Note how many lines in the entries below contain the string "start", and answer with that number and no other text.

(Recorded data Opens)

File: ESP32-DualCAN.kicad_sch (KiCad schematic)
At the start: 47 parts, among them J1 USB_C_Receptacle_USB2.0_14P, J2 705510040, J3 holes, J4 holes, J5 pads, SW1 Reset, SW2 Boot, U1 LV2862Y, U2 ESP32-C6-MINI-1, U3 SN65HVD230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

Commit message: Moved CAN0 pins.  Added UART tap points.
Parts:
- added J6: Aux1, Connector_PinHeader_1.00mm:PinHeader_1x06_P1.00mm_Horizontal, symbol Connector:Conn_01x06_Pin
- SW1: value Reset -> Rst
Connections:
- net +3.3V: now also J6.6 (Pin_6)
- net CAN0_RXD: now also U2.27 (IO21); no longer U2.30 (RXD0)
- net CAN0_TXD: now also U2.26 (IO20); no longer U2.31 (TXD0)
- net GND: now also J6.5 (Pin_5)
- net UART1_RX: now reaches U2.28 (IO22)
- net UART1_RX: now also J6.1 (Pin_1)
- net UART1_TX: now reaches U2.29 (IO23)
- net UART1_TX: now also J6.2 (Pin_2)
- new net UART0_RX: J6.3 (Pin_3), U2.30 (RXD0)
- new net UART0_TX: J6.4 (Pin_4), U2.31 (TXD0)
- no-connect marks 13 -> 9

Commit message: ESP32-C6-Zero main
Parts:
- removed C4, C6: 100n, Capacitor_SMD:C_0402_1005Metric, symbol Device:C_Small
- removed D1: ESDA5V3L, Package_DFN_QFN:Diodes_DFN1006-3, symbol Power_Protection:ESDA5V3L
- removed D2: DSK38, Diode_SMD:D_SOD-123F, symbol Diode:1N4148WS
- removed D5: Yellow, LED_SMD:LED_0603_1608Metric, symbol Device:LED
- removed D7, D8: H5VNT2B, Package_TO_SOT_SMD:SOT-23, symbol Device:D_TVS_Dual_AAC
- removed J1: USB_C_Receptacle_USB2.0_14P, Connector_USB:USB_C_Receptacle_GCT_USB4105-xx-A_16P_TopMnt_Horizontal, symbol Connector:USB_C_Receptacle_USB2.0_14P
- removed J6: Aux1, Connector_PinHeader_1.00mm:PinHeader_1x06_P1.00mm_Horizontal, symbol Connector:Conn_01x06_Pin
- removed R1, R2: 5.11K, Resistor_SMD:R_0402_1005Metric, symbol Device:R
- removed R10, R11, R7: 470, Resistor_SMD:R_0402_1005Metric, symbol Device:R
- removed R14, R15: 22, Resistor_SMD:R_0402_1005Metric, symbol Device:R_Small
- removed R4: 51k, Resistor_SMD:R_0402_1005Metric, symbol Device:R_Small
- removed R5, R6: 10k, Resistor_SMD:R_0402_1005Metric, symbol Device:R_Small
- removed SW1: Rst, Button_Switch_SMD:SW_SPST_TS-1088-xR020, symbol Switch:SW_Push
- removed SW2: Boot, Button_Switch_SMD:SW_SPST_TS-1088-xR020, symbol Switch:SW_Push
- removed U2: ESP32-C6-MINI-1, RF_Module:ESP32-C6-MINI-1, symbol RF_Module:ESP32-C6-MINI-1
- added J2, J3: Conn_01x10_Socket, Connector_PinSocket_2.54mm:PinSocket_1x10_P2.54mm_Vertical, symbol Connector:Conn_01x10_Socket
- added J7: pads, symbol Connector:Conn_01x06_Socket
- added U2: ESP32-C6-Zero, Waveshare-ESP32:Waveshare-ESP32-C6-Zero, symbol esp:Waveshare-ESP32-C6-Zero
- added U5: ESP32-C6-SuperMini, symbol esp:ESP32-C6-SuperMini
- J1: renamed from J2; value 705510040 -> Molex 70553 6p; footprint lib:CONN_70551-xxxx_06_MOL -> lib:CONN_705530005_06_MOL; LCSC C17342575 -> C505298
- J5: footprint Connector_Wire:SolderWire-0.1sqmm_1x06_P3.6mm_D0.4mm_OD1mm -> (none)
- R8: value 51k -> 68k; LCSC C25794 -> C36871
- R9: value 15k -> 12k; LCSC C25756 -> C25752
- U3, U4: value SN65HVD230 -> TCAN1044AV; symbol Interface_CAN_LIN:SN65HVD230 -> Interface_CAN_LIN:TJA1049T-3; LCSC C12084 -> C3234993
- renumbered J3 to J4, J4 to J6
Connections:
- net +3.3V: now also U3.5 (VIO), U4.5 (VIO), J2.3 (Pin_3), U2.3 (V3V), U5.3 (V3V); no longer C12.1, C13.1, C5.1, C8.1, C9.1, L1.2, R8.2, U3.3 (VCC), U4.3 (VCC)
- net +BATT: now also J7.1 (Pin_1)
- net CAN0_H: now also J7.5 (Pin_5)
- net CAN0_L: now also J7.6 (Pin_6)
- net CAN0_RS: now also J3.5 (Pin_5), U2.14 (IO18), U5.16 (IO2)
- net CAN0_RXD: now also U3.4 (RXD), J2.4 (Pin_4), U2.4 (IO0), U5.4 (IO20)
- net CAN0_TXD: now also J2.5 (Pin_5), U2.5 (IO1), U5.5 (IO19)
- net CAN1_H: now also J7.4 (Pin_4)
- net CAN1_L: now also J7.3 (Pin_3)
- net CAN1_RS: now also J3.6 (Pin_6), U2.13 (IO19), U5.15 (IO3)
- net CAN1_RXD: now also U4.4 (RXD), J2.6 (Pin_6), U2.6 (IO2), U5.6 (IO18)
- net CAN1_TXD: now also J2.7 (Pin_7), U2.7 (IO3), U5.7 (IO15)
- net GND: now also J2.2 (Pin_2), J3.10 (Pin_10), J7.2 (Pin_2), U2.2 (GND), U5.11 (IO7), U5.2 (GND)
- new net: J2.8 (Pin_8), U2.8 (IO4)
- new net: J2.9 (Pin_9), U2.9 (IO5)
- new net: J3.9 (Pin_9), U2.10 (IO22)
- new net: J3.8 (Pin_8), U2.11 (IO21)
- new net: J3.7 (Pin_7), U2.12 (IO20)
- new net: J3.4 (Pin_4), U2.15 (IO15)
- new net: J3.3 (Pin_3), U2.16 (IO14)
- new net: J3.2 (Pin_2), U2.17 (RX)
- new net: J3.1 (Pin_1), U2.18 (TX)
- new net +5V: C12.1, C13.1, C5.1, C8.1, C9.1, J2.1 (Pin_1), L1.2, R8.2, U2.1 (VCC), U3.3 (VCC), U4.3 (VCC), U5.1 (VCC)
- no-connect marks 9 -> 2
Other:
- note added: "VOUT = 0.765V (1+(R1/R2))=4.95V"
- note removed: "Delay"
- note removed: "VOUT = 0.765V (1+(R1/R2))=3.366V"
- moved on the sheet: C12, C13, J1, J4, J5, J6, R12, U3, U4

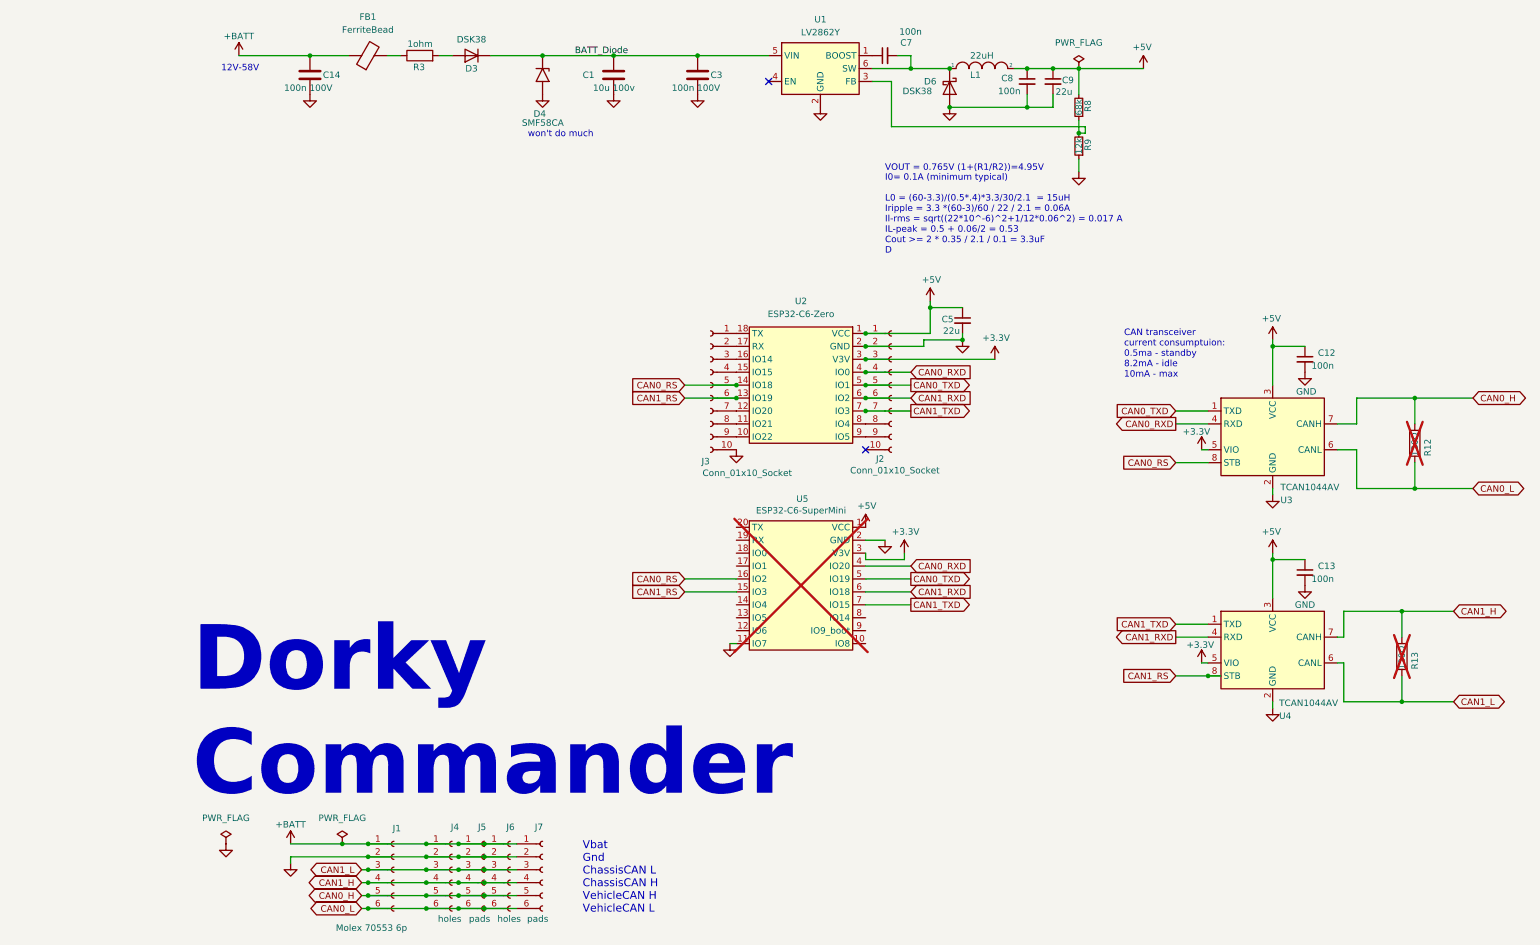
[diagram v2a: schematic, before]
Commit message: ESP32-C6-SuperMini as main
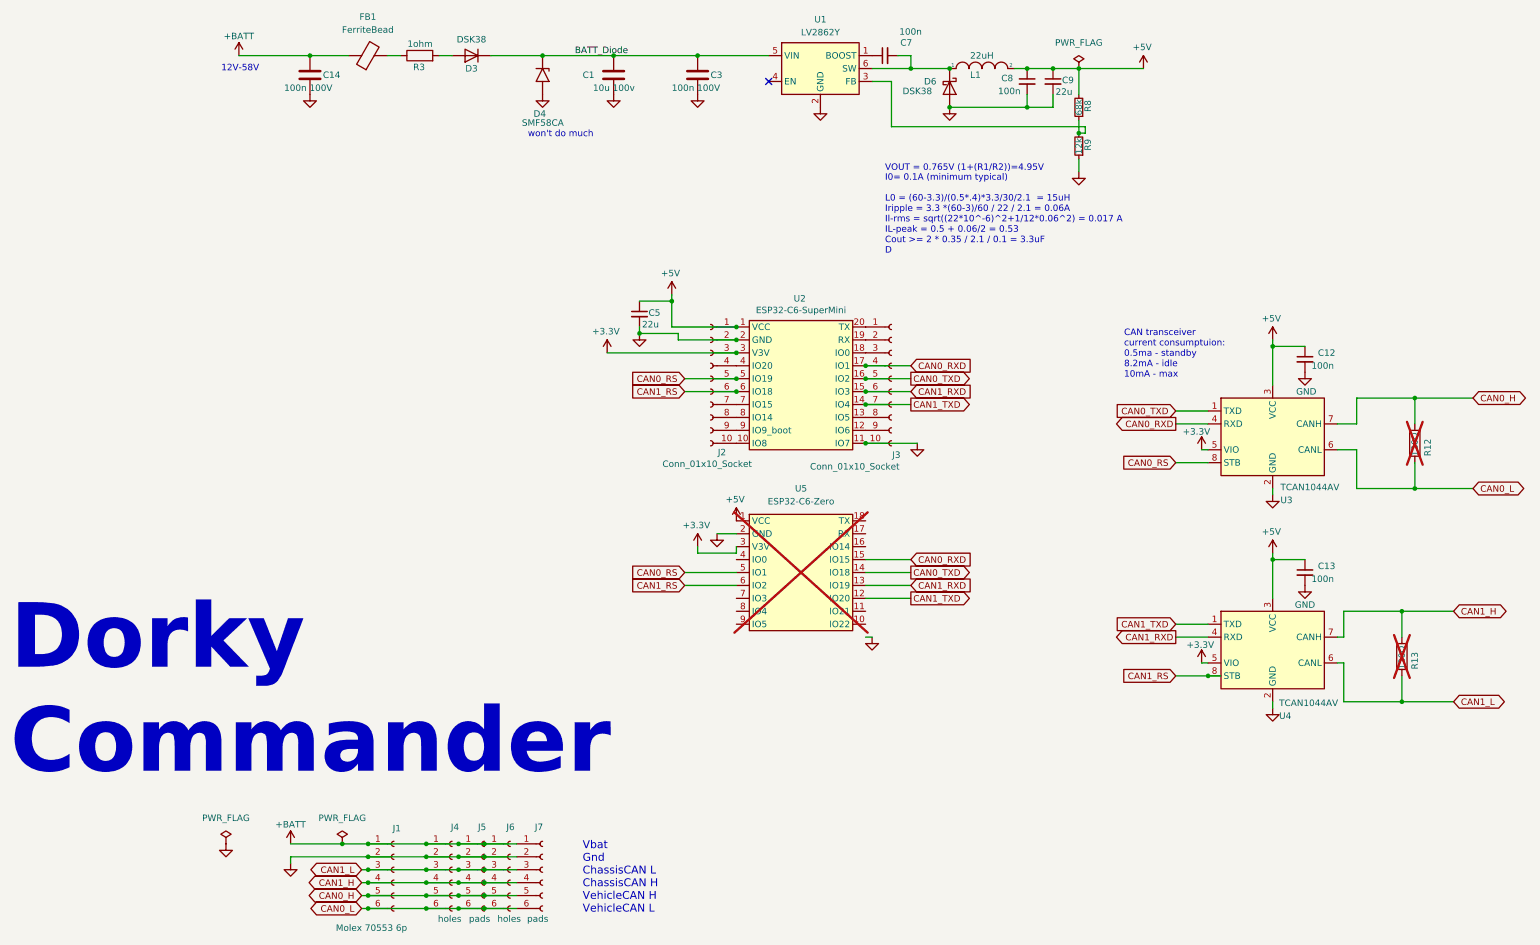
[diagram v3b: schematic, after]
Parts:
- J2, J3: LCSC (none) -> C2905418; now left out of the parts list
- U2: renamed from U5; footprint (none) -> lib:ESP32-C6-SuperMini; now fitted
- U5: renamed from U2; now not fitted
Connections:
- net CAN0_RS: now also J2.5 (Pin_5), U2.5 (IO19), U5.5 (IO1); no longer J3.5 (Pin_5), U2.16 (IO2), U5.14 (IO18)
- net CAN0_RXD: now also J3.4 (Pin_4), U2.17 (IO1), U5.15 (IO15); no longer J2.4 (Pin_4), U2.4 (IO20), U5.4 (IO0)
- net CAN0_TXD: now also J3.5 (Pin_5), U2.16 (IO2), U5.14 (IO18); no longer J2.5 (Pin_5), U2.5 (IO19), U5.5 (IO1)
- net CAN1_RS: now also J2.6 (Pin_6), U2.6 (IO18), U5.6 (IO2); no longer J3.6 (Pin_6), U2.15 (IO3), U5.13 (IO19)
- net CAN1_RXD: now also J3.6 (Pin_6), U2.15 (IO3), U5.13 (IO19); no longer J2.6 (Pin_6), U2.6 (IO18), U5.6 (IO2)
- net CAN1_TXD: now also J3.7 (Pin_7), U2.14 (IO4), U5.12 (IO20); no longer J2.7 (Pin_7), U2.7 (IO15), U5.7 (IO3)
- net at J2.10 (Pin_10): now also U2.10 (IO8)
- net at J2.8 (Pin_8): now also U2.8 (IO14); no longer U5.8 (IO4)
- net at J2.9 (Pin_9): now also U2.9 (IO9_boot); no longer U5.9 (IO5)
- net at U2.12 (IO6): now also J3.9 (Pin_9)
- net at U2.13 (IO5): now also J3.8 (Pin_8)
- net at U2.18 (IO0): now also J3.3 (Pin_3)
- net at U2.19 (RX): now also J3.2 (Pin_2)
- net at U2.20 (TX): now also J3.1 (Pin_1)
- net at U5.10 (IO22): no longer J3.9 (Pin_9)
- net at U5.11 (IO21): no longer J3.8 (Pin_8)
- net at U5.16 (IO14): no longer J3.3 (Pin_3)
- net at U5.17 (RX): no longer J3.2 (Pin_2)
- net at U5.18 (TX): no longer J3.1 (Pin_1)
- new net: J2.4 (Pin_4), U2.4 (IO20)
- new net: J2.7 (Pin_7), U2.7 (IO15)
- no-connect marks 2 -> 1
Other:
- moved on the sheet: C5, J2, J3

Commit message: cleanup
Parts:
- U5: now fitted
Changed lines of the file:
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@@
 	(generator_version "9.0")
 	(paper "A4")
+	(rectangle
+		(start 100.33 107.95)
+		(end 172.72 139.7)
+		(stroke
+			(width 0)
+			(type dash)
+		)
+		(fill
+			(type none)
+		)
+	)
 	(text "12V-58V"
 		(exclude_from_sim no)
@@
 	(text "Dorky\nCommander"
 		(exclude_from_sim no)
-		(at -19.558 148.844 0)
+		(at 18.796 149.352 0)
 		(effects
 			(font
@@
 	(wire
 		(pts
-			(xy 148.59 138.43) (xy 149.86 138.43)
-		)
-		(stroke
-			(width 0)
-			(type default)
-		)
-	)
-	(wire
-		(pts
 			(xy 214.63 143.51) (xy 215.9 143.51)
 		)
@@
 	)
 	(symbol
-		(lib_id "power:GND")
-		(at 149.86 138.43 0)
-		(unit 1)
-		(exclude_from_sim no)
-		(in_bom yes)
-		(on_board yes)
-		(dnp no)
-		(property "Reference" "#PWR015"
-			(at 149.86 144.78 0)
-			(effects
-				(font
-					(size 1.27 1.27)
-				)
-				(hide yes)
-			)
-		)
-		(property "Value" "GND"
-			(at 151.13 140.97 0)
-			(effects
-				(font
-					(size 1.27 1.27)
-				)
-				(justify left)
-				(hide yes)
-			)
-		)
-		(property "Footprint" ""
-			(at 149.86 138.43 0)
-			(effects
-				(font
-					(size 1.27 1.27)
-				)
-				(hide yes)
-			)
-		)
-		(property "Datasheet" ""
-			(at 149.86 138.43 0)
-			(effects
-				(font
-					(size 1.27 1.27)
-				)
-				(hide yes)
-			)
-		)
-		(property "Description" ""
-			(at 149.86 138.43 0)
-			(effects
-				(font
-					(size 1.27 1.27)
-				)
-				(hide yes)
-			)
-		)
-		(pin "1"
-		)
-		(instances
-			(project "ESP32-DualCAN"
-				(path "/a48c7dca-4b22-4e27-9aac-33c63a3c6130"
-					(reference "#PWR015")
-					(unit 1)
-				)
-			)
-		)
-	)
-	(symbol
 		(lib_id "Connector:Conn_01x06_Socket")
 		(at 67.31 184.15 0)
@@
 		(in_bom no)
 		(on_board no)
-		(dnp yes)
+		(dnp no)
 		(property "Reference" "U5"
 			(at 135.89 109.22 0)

(Recorded data Closes)

Task solution:
2